= Meat tenderness =

Attribute of meat for cooking

Tenderness is a quality of meat gauging how easily it is chewed or cut. Tenderness is a desirable quality, as tender meat is softer, easier to chew, and generally more palatable than harder meat. Consequently, tender cuts of meat typically command higher prices. The tenderness depends on a number of factors including the meat grain, the amount of connective tissue, and the amount of fat. Tenderness can be increased by a number of processing techniques, generally referred to as tenderizing or tenderization.

==Influencing factors==
Tenderness is perhaps the most important of all factors impacting meat eating quality, with others being flavor, juiciness, and succulence.

Tenderness is a quality complex to obtain and gauge, and it depends on a number of factors. On the basic level, these factors are meat grain, the amount and composition of connective tissue, and the amount of fat. In order to obtain a tender meat, there is a complex interplay between the animal's pasture, age, species, breed, protein intake, calcium status, stress before and at killing, and how the meat is treated after slaughter.

Meat with the fat content deposited within the steak to create a marbled appearance has always been regarded as more tender than steaks where the fat is in a separate layer. Cooking causes melting of the fat, spreading it throughout the meat and increasing the tenderness of the final product.

==Testing==

The meat industry strives to produce meat with standardized and guaranteed tenderness, since these characteristics are sought for by the consumers.

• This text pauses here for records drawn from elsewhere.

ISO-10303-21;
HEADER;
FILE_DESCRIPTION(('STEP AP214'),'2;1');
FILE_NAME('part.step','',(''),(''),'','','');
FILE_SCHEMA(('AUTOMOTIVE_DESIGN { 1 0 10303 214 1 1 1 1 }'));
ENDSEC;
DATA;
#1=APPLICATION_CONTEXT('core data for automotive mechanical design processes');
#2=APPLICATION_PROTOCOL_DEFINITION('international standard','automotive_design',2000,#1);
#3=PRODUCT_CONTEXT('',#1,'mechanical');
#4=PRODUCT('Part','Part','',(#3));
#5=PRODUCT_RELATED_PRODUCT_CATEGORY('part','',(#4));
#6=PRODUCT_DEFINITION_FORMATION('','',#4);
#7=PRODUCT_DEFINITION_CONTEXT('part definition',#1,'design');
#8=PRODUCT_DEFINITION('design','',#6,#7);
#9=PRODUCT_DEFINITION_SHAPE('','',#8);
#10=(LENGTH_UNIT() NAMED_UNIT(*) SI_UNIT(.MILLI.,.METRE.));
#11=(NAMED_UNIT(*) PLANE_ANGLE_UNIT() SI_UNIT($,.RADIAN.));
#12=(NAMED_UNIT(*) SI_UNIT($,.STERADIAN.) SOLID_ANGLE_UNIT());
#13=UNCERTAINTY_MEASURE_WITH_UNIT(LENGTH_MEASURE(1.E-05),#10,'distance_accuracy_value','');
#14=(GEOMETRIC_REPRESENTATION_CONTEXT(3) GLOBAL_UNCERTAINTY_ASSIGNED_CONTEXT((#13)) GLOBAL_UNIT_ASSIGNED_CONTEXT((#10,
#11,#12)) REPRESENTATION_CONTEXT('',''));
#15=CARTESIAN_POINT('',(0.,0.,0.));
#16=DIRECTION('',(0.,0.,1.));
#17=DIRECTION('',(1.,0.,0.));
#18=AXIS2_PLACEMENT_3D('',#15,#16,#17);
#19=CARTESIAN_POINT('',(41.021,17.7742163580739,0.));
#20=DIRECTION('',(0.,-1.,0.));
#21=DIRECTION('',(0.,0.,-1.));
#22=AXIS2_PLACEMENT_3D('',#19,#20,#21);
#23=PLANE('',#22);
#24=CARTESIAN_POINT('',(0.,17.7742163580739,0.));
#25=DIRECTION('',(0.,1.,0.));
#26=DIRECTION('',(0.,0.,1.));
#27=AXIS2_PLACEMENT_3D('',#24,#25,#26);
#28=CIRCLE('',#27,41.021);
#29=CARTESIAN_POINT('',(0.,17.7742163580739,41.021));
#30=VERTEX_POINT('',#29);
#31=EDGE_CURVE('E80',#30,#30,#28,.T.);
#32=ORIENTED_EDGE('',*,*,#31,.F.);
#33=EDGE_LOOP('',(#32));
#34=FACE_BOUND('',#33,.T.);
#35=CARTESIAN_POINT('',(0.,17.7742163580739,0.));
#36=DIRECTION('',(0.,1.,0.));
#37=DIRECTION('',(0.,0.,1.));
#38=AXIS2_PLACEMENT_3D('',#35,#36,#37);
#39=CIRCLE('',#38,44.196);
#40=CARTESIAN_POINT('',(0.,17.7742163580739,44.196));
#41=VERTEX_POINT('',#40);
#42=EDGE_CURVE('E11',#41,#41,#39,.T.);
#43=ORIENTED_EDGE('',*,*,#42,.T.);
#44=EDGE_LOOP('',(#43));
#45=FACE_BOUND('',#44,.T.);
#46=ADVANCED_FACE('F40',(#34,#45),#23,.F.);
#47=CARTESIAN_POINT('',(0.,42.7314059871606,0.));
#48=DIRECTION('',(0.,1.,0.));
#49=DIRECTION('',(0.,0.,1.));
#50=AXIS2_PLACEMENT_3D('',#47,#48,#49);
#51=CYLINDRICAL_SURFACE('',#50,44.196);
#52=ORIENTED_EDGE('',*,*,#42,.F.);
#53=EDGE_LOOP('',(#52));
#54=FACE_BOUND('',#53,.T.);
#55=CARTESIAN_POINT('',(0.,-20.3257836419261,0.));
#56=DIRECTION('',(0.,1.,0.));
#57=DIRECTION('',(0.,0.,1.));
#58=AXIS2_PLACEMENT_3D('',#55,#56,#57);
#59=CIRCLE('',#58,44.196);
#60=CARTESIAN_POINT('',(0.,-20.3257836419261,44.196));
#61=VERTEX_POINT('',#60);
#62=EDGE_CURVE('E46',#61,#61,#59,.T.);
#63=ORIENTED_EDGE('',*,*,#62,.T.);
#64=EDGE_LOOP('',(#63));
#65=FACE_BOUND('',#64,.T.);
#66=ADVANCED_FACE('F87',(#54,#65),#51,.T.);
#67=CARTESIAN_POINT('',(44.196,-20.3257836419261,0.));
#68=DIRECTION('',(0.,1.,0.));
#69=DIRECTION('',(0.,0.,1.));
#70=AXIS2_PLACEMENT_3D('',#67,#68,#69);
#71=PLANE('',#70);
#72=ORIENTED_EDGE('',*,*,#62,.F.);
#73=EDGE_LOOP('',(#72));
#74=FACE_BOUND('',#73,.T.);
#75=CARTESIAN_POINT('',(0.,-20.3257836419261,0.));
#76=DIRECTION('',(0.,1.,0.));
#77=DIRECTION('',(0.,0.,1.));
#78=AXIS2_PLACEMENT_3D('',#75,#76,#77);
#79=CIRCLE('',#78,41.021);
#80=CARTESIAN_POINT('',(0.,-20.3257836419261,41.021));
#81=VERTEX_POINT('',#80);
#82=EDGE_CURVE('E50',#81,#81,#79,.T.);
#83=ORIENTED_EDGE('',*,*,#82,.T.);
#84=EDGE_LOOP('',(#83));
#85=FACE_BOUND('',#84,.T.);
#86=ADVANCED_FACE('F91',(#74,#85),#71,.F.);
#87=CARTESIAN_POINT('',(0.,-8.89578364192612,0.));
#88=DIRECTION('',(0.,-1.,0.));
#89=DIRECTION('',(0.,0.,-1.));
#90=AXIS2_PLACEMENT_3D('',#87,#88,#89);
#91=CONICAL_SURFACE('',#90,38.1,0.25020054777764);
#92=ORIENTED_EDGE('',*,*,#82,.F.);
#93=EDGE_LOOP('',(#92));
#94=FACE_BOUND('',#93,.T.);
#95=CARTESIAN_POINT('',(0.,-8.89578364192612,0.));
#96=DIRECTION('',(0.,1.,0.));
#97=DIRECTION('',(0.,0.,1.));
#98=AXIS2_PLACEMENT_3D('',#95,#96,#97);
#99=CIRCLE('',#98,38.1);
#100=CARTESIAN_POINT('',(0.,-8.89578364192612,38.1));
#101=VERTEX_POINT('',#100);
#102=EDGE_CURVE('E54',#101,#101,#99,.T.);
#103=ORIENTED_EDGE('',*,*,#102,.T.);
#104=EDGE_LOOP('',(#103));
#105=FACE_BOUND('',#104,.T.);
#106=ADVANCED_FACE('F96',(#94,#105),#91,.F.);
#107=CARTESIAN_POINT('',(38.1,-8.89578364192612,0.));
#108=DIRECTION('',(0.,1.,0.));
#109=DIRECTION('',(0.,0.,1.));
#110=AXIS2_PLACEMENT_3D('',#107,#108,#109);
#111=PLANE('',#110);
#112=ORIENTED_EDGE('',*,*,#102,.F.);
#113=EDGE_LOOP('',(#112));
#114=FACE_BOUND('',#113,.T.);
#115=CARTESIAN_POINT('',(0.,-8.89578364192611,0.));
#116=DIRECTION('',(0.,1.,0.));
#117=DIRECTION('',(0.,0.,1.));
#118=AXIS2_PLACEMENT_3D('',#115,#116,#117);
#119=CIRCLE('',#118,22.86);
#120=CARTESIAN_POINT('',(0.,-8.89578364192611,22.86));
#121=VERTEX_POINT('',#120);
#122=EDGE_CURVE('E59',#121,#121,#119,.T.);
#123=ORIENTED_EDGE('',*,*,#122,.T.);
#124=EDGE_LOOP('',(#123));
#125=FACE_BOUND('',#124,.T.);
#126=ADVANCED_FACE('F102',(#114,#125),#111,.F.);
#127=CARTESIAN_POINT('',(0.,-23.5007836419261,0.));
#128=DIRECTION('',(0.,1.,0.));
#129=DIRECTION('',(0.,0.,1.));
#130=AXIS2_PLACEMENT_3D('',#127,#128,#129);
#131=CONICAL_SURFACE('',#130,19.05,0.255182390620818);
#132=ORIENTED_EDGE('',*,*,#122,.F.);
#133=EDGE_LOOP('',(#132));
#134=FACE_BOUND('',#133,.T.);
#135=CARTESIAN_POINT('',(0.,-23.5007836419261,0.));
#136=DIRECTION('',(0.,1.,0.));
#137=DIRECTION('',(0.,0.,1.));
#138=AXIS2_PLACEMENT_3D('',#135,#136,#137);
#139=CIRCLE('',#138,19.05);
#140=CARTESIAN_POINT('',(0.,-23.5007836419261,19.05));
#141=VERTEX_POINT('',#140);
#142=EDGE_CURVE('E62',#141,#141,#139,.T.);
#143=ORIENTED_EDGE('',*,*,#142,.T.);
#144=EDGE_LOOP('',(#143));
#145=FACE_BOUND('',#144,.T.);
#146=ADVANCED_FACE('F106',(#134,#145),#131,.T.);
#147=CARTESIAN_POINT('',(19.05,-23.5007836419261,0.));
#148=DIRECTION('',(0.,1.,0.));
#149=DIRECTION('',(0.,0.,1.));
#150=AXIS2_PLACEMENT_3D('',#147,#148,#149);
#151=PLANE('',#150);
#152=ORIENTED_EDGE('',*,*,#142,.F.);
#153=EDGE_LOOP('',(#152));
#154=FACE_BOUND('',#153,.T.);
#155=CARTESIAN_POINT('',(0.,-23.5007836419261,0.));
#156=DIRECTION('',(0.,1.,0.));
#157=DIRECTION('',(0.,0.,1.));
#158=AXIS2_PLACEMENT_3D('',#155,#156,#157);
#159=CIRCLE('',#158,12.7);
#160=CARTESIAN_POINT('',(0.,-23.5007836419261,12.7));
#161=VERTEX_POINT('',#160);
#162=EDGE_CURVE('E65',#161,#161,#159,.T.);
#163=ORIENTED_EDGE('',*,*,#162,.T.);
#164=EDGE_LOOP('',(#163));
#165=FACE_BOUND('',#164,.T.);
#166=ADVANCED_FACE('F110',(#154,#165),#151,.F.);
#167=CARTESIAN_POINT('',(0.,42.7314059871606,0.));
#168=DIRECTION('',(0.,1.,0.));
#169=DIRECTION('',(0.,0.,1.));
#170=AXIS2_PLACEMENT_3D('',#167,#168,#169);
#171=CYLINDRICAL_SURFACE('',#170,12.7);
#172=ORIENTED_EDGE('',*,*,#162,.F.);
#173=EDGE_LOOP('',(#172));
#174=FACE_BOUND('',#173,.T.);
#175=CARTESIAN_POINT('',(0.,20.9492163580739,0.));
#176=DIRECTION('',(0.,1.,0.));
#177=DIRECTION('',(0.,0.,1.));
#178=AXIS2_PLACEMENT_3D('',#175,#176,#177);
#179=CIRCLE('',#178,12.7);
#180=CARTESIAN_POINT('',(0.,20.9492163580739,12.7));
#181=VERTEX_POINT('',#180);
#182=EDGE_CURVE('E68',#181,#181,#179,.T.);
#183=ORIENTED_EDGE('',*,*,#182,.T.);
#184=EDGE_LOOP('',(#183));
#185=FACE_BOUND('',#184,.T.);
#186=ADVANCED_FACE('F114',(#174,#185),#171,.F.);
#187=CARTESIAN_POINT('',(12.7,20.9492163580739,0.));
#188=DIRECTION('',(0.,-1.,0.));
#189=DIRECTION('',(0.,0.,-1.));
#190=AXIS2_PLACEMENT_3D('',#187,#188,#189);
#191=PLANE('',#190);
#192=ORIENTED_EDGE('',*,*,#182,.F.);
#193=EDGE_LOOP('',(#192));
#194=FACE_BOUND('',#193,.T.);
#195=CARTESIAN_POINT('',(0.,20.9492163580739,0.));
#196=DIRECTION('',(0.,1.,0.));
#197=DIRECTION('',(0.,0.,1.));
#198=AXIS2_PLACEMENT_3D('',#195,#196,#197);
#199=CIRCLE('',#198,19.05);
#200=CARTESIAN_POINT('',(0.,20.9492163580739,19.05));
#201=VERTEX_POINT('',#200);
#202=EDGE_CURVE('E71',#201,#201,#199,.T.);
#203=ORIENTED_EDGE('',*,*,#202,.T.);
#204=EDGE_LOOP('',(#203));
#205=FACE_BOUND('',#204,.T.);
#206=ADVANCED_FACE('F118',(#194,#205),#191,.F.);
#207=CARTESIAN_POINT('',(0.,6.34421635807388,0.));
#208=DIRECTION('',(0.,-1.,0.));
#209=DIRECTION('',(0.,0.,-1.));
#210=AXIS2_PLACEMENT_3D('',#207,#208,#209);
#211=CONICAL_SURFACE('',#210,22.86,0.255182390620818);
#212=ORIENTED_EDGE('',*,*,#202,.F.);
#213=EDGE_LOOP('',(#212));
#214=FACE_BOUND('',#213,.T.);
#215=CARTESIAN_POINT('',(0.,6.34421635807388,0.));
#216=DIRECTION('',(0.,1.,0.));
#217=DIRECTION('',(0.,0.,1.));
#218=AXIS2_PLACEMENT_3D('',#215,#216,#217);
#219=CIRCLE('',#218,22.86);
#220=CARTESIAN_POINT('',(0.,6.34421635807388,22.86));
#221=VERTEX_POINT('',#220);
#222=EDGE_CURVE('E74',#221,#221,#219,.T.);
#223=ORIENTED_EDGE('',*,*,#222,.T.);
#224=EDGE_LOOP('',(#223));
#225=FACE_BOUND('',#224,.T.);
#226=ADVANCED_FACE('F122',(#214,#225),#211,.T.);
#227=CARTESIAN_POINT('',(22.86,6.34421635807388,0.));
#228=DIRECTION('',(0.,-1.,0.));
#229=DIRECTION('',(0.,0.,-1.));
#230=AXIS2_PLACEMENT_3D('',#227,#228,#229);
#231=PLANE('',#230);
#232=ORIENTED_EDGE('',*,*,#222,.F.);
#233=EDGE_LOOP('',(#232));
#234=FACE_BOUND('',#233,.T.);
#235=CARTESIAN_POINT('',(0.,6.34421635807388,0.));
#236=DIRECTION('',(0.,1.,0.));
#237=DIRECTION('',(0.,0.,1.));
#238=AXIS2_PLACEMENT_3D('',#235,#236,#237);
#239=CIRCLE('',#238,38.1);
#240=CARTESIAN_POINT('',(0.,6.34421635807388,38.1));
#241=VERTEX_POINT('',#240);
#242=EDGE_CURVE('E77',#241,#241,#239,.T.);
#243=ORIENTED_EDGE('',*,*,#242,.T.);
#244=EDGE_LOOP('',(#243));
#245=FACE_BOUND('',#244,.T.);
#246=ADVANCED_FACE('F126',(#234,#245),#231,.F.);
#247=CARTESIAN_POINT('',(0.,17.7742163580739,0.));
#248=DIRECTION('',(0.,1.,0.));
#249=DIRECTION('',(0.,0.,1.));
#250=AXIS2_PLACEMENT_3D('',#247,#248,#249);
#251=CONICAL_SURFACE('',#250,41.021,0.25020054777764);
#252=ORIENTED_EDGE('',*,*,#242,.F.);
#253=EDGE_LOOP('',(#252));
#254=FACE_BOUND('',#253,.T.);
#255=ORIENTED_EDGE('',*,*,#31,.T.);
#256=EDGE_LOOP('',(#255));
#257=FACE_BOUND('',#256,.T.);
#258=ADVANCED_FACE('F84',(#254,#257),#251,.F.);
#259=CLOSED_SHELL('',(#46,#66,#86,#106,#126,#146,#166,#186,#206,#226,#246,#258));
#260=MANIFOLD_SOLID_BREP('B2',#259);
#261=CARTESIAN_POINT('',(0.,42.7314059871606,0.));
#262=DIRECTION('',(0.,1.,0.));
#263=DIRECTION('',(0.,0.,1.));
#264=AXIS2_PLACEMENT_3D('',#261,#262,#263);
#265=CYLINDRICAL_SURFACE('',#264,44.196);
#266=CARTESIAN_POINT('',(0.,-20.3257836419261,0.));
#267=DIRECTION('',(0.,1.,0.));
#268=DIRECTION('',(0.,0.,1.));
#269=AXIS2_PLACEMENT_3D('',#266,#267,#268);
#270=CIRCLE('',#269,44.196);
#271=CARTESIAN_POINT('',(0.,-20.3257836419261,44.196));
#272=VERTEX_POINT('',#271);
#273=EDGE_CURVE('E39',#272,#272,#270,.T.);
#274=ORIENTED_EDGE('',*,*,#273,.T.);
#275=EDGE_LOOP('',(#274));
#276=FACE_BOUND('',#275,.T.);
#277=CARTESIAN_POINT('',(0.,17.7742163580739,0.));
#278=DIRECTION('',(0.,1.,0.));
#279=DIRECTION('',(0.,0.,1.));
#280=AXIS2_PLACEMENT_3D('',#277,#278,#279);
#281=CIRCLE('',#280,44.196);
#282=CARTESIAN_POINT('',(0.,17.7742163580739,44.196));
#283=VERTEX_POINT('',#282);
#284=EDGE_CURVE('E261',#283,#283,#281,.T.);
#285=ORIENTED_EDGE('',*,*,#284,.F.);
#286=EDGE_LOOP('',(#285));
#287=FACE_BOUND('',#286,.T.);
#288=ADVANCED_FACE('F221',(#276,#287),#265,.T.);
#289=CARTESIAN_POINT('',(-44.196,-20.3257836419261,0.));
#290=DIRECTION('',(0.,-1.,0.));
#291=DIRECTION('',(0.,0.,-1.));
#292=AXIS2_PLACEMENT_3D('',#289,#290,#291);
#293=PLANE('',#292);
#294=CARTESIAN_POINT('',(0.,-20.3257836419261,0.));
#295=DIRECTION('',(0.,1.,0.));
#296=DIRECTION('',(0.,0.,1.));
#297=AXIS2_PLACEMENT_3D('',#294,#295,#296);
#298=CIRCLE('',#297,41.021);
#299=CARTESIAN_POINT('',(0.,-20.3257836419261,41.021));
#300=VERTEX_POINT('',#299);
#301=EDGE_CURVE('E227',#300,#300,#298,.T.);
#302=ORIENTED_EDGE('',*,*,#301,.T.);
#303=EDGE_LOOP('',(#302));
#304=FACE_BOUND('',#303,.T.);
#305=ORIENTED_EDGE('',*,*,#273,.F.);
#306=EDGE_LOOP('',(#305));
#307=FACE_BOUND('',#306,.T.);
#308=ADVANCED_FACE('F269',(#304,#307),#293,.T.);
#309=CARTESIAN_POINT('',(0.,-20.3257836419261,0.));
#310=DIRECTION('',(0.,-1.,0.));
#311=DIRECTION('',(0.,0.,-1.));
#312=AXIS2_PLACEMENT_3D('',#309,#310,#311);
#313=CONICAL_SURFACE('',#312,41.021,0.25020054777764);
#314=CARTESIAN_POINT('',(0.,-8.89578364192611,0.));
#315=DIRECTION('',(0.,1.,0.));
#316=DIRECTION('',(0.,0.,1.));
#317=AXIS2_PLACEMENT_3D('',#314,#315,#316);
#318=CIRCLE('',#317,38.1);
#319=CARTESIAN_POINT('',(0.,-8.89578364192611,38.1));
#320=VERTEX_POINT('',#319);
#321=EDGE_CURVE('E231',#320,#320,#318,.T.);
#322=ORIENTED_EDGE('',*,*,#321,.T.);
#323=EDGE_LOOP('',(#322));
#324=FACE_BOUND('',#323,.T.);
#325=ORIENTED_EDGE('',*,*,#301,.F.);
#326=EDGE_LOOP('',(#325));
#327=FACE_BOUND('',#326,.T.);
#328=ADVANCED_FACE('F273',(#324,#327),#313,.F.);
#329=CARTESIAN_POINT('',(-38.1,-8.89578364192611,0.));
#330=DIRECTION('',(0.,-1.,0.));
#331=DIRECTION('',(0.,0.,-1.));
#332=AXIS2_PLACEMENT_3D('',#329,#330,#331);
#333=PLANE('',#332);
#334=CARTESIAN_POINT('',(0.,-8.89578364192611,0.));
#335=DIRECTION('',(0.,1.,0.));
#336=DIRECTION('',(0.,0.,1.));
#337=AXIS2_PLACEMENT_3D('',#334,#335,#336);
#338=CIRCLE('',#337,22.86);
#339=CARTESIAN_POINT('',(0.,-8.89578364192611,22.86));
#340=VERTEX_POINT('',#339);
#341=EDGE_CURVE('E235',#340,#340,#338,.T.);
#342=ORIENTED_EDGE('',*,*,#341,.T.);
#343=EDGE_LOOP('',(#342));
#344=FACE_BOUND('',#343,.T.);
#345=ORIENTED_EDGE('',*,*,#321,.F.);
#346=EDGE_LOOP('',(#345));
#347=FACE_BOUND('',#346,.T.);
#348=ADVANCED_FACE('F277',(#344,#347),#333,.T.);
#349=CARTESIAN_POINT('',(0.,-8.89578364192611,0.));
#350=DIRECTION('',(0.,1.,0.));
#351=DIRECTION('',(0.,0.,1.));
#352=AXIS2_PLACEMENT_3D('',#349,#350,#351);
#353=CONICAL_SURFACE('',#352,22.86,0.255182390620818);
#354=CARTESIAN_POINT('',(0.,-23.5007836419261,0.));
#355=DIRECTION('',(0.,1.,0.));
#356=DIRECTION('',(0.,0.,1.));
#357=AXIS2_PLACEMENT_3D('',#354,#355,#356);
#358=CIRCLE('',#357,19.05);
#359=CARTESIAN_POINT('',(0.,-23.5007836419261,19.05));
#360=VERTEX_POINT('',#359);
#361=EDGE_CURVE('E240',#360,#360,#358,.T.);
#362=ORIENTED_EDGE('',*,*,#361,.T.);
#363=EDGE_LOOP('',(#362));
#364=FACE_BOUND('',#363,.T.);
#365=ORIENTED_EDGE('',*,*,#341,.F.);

For that purpose a number of objective tests of tenderness have been developed, gauging meat resistance to shear force, most commonly used being Slice Shear Force test and Warner–Bratzler Shear Force test.

==Tenderizing==
Techniques for breaking down collagens in meat to make it more palatable and tender are referred to as tenderizing or tenderization.

There are a number of ways to tenderize meat:
- Mechanical tenderization, such as pounding or piercing.
- The tenderization that occurs through cooking, such as braising.
- Tenderizers in the form of naturally occurring enzymes known as proteases, which can be added to food before cooking.
  - Examples of enzymes used for tenderizing: papain from papaya, trypsin and chymotrypsin from honey, bromelain from pineapple and actinidain from kiwifruit.
- Marinating the meat with vinegar, wine, lemon juice, buttermilk or yogurt.
- Brining the meat in a salt solution (brine).
- Dry aging of meat at 0 to 2 C.
- Velveting
- Sodium bicarbonate

===Research===
Efforts have been made since at least 1970 to use explosives to tenderize meat and a company was founded to try to commercialize the process; as of 2011 it was not yet scalable.